Stored items from a collection
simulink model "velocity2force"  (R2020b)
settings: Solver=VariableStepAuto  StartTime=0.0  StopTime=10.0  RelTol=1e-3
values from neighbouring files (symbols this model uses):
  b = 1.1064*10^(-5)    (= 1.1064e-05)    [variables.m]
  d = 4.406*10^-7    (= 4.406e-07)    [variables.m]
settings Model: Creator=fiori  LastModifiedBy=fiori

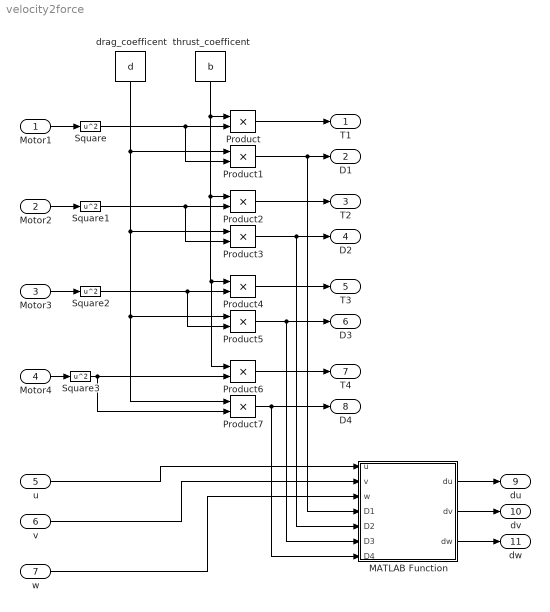
== system velocity2force ==
  Motor1 : Inport
  Motor2 : Inport  Port=2
  Motor3 : Inport  Port=3
  Motor4 : Inport  Port=4
  u : Inport  Port=5
  v : Inport  Port=6
  w : Inport  Port=7
  MATLAB Function : MATLAB Function  TreatAsAtomicUnit=on
  Product{,1..7} (8 alike) : Product
  Square{,1..3} (4 alike) : Math  Operator=square  SaturateOnIntegerOverflow=on
  drag_coefficent : Constant  Value=d
  thrust_coefficent : Constant  Value=b
  T1 : Outport
  D1 : Outport  Port=2
  T2 : Outport  Port=3
  D2 : Outport  Port=4
  T3 : Outport  Port=5
  D3 : Outport  Port=6
  T4 : Outport  Port=7
  D4 : Outport  Port=8
  du : Outport  Port=9
  dv : Outport  Port=10
  dw : Outport  Port=11
  wires:
  thrust_coefficent/1 -> Product/1, Product6/1, Product4/1, Product2/1
  Product/1 -> T1/1
  Product1/1 -> D1/1, MATLAB Function/4(D1)
  drag_coefficent/1 -> Product7/1, Product5/1, Product3/1, Product1/1
  Motor1/1 -> Square/1
  Product2/1 -> T2/1
  Product3/1 -> MATLAB Function/5(D2), D2/1
  Motor2/1 -> Square1/1
  Product4/1 -> T3/1
  Product5/1 -> MATLAB Function/6(D3), D3/1
  Product6/1 -> T4/1
  Product7/1 -> MATLAB Function/7(D4), D4/1
  Motor3/1 -> Square2/1
  Motor4/1 -> Square3/1
  Square/1 -> Product/2, Product1/2
  Square1/1 -> Product2/2, Product3/2
  Square2/1 -> Product5/2, Product4/2
  Square3/1 -> Product6/2, Product7/2
  u/1 -> MATLAB Function/1(u)
  v/1 -> MATLAB Function/2(v)
  w/1 -> MATLAB Function/3(w)
  MATLAB Function/1(du) -> du/1
  MATLAB Function/2(dv) -> dv/1
  MATLAB Function/3(dw) -> dw/1

== matlab function velocity2force/MATLAB Function ==
  data: u input; du output; v input; w input; D1 input; D2 input; D3 input; D4 input; dv output; dw output
function [du,dv,dw] = fcn(u,v,w,D1,D2,D3,D4)
D=D1+D2+D3+D4;
angolo_velocita=atan2(v,u);
angolo_su=atan2((sqrt(u^2 + v^2)),(w));
du=D*sin(angolo_su)*cos(angolo_velocita);
dv=D*sin(angolo_su)*sin(angolo_velocita);
dw=D*cos(angolo_su);
end
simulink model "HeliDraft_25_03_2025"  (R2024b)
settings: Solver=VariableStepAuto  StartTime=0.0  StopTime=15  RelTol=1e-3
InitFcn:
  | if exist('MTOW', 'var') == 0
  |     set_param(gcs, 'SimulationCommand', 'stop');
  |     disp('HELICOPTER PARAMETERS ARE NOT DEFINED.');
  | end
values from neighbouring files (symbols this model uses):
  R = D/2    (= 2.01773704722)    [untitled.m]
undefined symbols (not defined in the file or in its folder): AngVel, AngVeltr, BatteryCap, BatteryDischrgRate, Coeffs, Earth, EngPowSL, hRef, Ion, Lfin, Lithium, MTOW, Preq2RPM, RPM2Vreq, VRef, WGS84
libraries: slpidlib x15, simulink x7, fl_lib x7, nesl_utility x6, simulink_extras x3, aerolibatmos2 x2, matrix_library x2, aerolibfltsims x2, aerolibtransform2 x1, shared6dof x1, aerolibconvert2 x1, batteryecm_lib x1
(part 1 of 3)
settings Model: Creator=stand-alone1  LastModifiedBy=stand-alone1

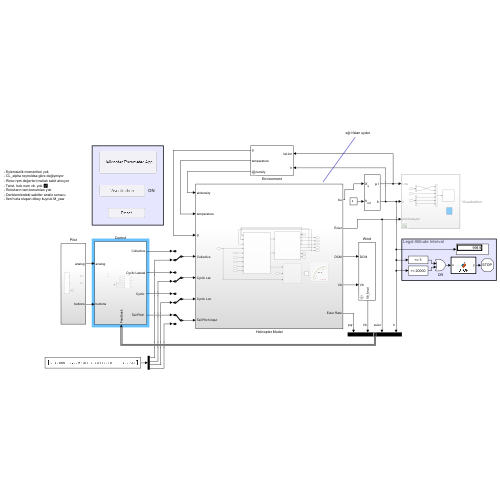
[thumbnail: Simulink's stored preview of the top-level diagram]
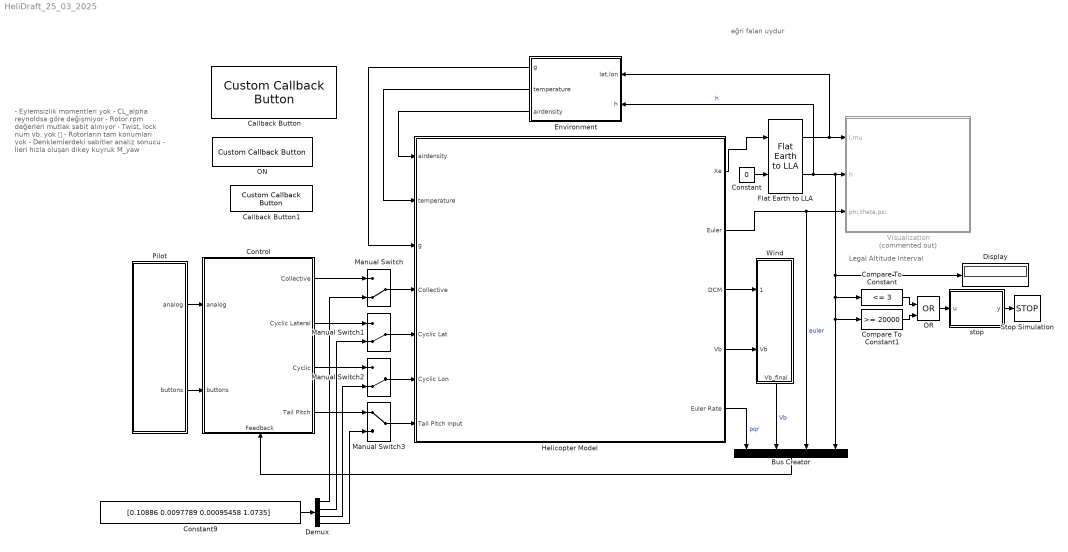
== system HeliDraft_25_03_2025 ==
  note: Legal Altitude Interval
  note: - Eylemsizlik momentleri yok
      | - CL_alpha reynoldsa göre değişmiyor
      | - Rotor rpm değerleri mutlak sabit alınıyor
      | - Twist, lock num vb. yok ✅
      | - Rotorların tam konumları yok
      | - Denklemlerdeki sabitler analiz sonucu
      | - İleri hızla oluşan dikey kuyruk M_yaw
  note: eğri falan uydur
  Bus Creator : BusCreator  Inputs=4
  Callback Button : CustomCallbackButton  Configuration="{\"components\":[{\"name\":\"BackgroundImageComponent\",\"settings\":{\"image\":{\"size\":[0,0],\"src\":\"default\",\"srcOrientation\":\"Right\"},\"position\":[0,0,1,1]}},{\"name\":\"ButtonStateComponent\",\"settings\":{\"buttonType\":\"momentary\",\"clickFcn\":\"run(\\\"HelicopterParameterEstimation.mlapp\\\");\",\"onValue\":1,\"position\":[0,0,1,1],\"pressDelay\":\"500\",\"pressFcn\":\"\",\"repeatInterval\":\"0\",\"states\":[{\"horizontalAlignment\":\"center\",\"image\":{\"position\":[0,0,1,1],\"size\":[1,1],\"src\":\"default\",\"srcOrientation\":\"Right\"},\"label\":{\"color\":[0.01176470588,0.01176470588,0.01176470588,1],\"icon\":{\"size\":[0,0],\"src\":\"default\",\"srcOrientation\":\"Right\"},\"iconOffset\":0,\"iconPlacement\":\"left\",\"opacity\":1,\"show\":true,\"text\":{\"content\":\"Helicopter Parameter App\",\"font\":\"Helvetica\"}},\"labelOffset\":[0,0],\"verticalAlignment\":\"middle\"},{\"horizontalAlignment\":\"center\",\"image\":{\"position\":[0,0,1,1],\"size\":[1,1],\"src\":\"default\",\"srcOrientation\":\"Right\"},\"label\":{\"color\":[0.01176470588,0.01176470588,0.01176470588,1],\"icon\":{\"size\":[0,0],\"src\":\"default\",\"srcOrientation\":\"Right\"},\"iconOffset\":0,\"iconPlacement\":\"left\",\"opacity\":1,\"show\":true,\"text\":{\"content\":\"Helicopter Parameter App\",\"font\":\"Helvetica\"}},\"labelOffset\":[0,0],\"verticalAlignment\":\"middle\"},{\"horizontalAlignment\":\"center\",\"image\":{\"position\":[0,0,1,1],\"size\":[1,1],\"src\":\"default\",\"srcOrientation\":\"Right\"},\"label\":{\"color\":[0.01176470588,0.01176470588,0.01176470588,1],\"icon\":{\"size\":[0,0],\"src\":\"default\",\"srcOrientation\":\"Right\"},\"iconOffset\":0,\"iconPlacement\":\"left\",\"opacity\":1,\"show\":true,\"text\":{\"content\":\"Helicopter Parameter App\",\"font\":\"Helvetica\"}},\"labelOffset\":[0,0],\"verticalAlignment\":\"middle\"},{\"horizontalAlignment\":\"center\",\"image\":{\"position\":[0,0,1,1],\"size\":[1,1],\"src\":\"default\",\"srcOrientation\":\"Right\"},\"label\":{\"color\":[0.01176470588,0.01176470588,0.01176470588,1],\"icon\":{\"size\":[0,0],\"src\":\"default\",\"srcOrientation\":\"Right\"},\"iconOffset\":0,\"iconPlacement\":\"left\",\"opacity\":1,\"show\":true,\"text\":{\"content\":\"Helicopter Parameter App\",\"font\":\"Helvetica\"}},\"labelOffset\":[0,0],\"verticalAlignment\":\"middle\"}]}},{\"name\":\"ForegroundImageComponent\",\"settings\":{\"image\":{\"size\":[0,0],\"src\":\"default\",\"srcOrientation\":\"Right\"},\"isForeground\":1,\"position\":[0,0,1,1]}}],\"settings\":{\"BindingType\":\"standalone\",\"backgroundColor\":[244,244,244,1],\"backgroundOffset\":0.2,\"backgroundOpacity\":1,\"fixedAspectRatio\":\"off\",\"foregroundColor\":[0.01176470588,0.01176470588,0.01176470588,1],\"migratedFromLegacy\":true,\"useBackgroundColor\":true,\"variant\":\"callback\",\"version\":\"R2023a\"},\"type\":\"Button\"}"  CustomBackgroundColor="{\"color\":[0.9568627451,0.9568627451,0.9568627451],\"show\":true}"
  Callback Button1 : CustomCallbackButton  Configuration="{\"components\":[{\"name\":\"BackgroundImageComponent\",\"settings\":{\"image\":{\"size\":[0,0],\"src\":\"default\",\"srcOrientation\":\"Right\"},\"position\":[0,0,1,1]}},{\"name\":\"ButtonStateComponent\",\"settings\":{\"buttonType\":\"momentary\",\"clickFcn\":\"clc; clear; close all;\",\"onValue\":1,\"position\":[0,0,1,1],\"pressDelay\":\"500\",\"pressFcn\":\"\",\"repeatInterval\":\"0\",\"states\":[{\"horizontalAlignment\":\"center\",\"image\":{\"position\":[0,0,1,1],\"size\":[1,1],\"src\":\"default\",\"srcOrientation\":\"Right\"},\"label\":{\"color\":[0.01176470588,0.01176470588,0.01176470588,1],\"icon\":{\"size\":[0,0],\"src\":\"default\",\"srcOrientation\":\"Right\"},\"iconOffset\":0,\"iconPlacement\":\"left\",\"opacity\":1,\"show\":true,\"text\":{\"content\":\"Reset\",\"font\":\"Helvetica\"}},\"labelOffset\":[0,0],\"verticalAlignment\":\"middle\"},{\"horizontalAlignment\":\"center\",\"image\":{\"position\":[0,0,1,1],\"size\":[1,1],\"src\":\"default\",\"srcOrientation\":\"Right\"},\"label\":{\"color\":[0.01176470588,0.01176470588,0.01176470588,1],\"icon\":{\"size\":[0,0],\"src\":\"default\",\"srcOrientation\":\"Right\"},\"iconOffset\":0,\"iconPlacement\":\"left\",\"opacity\":1,\"show\":true,\"text\":{\"content\":\"Reset\",\"font\":\"Helvetica\"}},\"labelOffset\":[0,0],\"verticalAlignment\":\"middle\"},{\"horizontalAlignment\":\"center\",\"image\":{\"position\":[0,0,1,1],\"size\":[1,1],\"src\":\"default\",\"srcOrientation\":\"Right\"},\"label\":{\"color\":[0.01176470588,0.01176470588,0.01176470588,1],\"icon\":{\"size\":[0,0],\"src\":\"default\",\"srcOrientation\":\"Right\"},\"iconOffset\":0,\"iconPlacement\":\"left\",\"opacity\":1,\"show\":true,\"text\":{\"content\":\"Reset\",\"font\":\"Helvetica\"}},\"labelOffset\":[0,0],\"verticalAlignment\":\"middle\"},{\"horizontalAlignment\":\"center\",\"image\":{\"position\":[0,0,1,1],\"size\":[1,1],\"src\":\"default\",\"srcOrientation\":\"Right\"},\"label\":{\"color\":[0.01176470588,0.01176470588,0.01176470588,1],\"icon\":{\"size\":[0,0],\"src\":\"default\",\"srcOrientation\":\"Right\"},\"iconOffset\":0,\"iconPlacement\":\"left\",\"opacity\":1,\"show\":true,\"text\":{\"content\":\"Reset\",\"font\":\"Helvetica\"}},\"labelOffset\":[0,0],\"verticalAlignment\":\"middle\"}]}},{\"name\":\"ForegroundImageComponent\",\"settings\":{\"image\":{\"size\":[0,0],\"src\":\"default\",\"srcOrientation\":\"Right\"},\"isForeground\":1,\"position\":[0,0,1,1]}}],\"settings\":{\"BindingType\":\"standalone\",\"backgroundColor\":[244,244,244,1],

**How to complete this task**
Copy each line from the data above that includes "VariableStepAuto".

**Exercise result**
settings: Solver=VariableStepAuto  StartTime=0.0  StopTime=10.0  RelTol=1e-3
settings: Solver=VariableStepAuto  StartTime=0.0  StopTime=15  RelTol=1e-3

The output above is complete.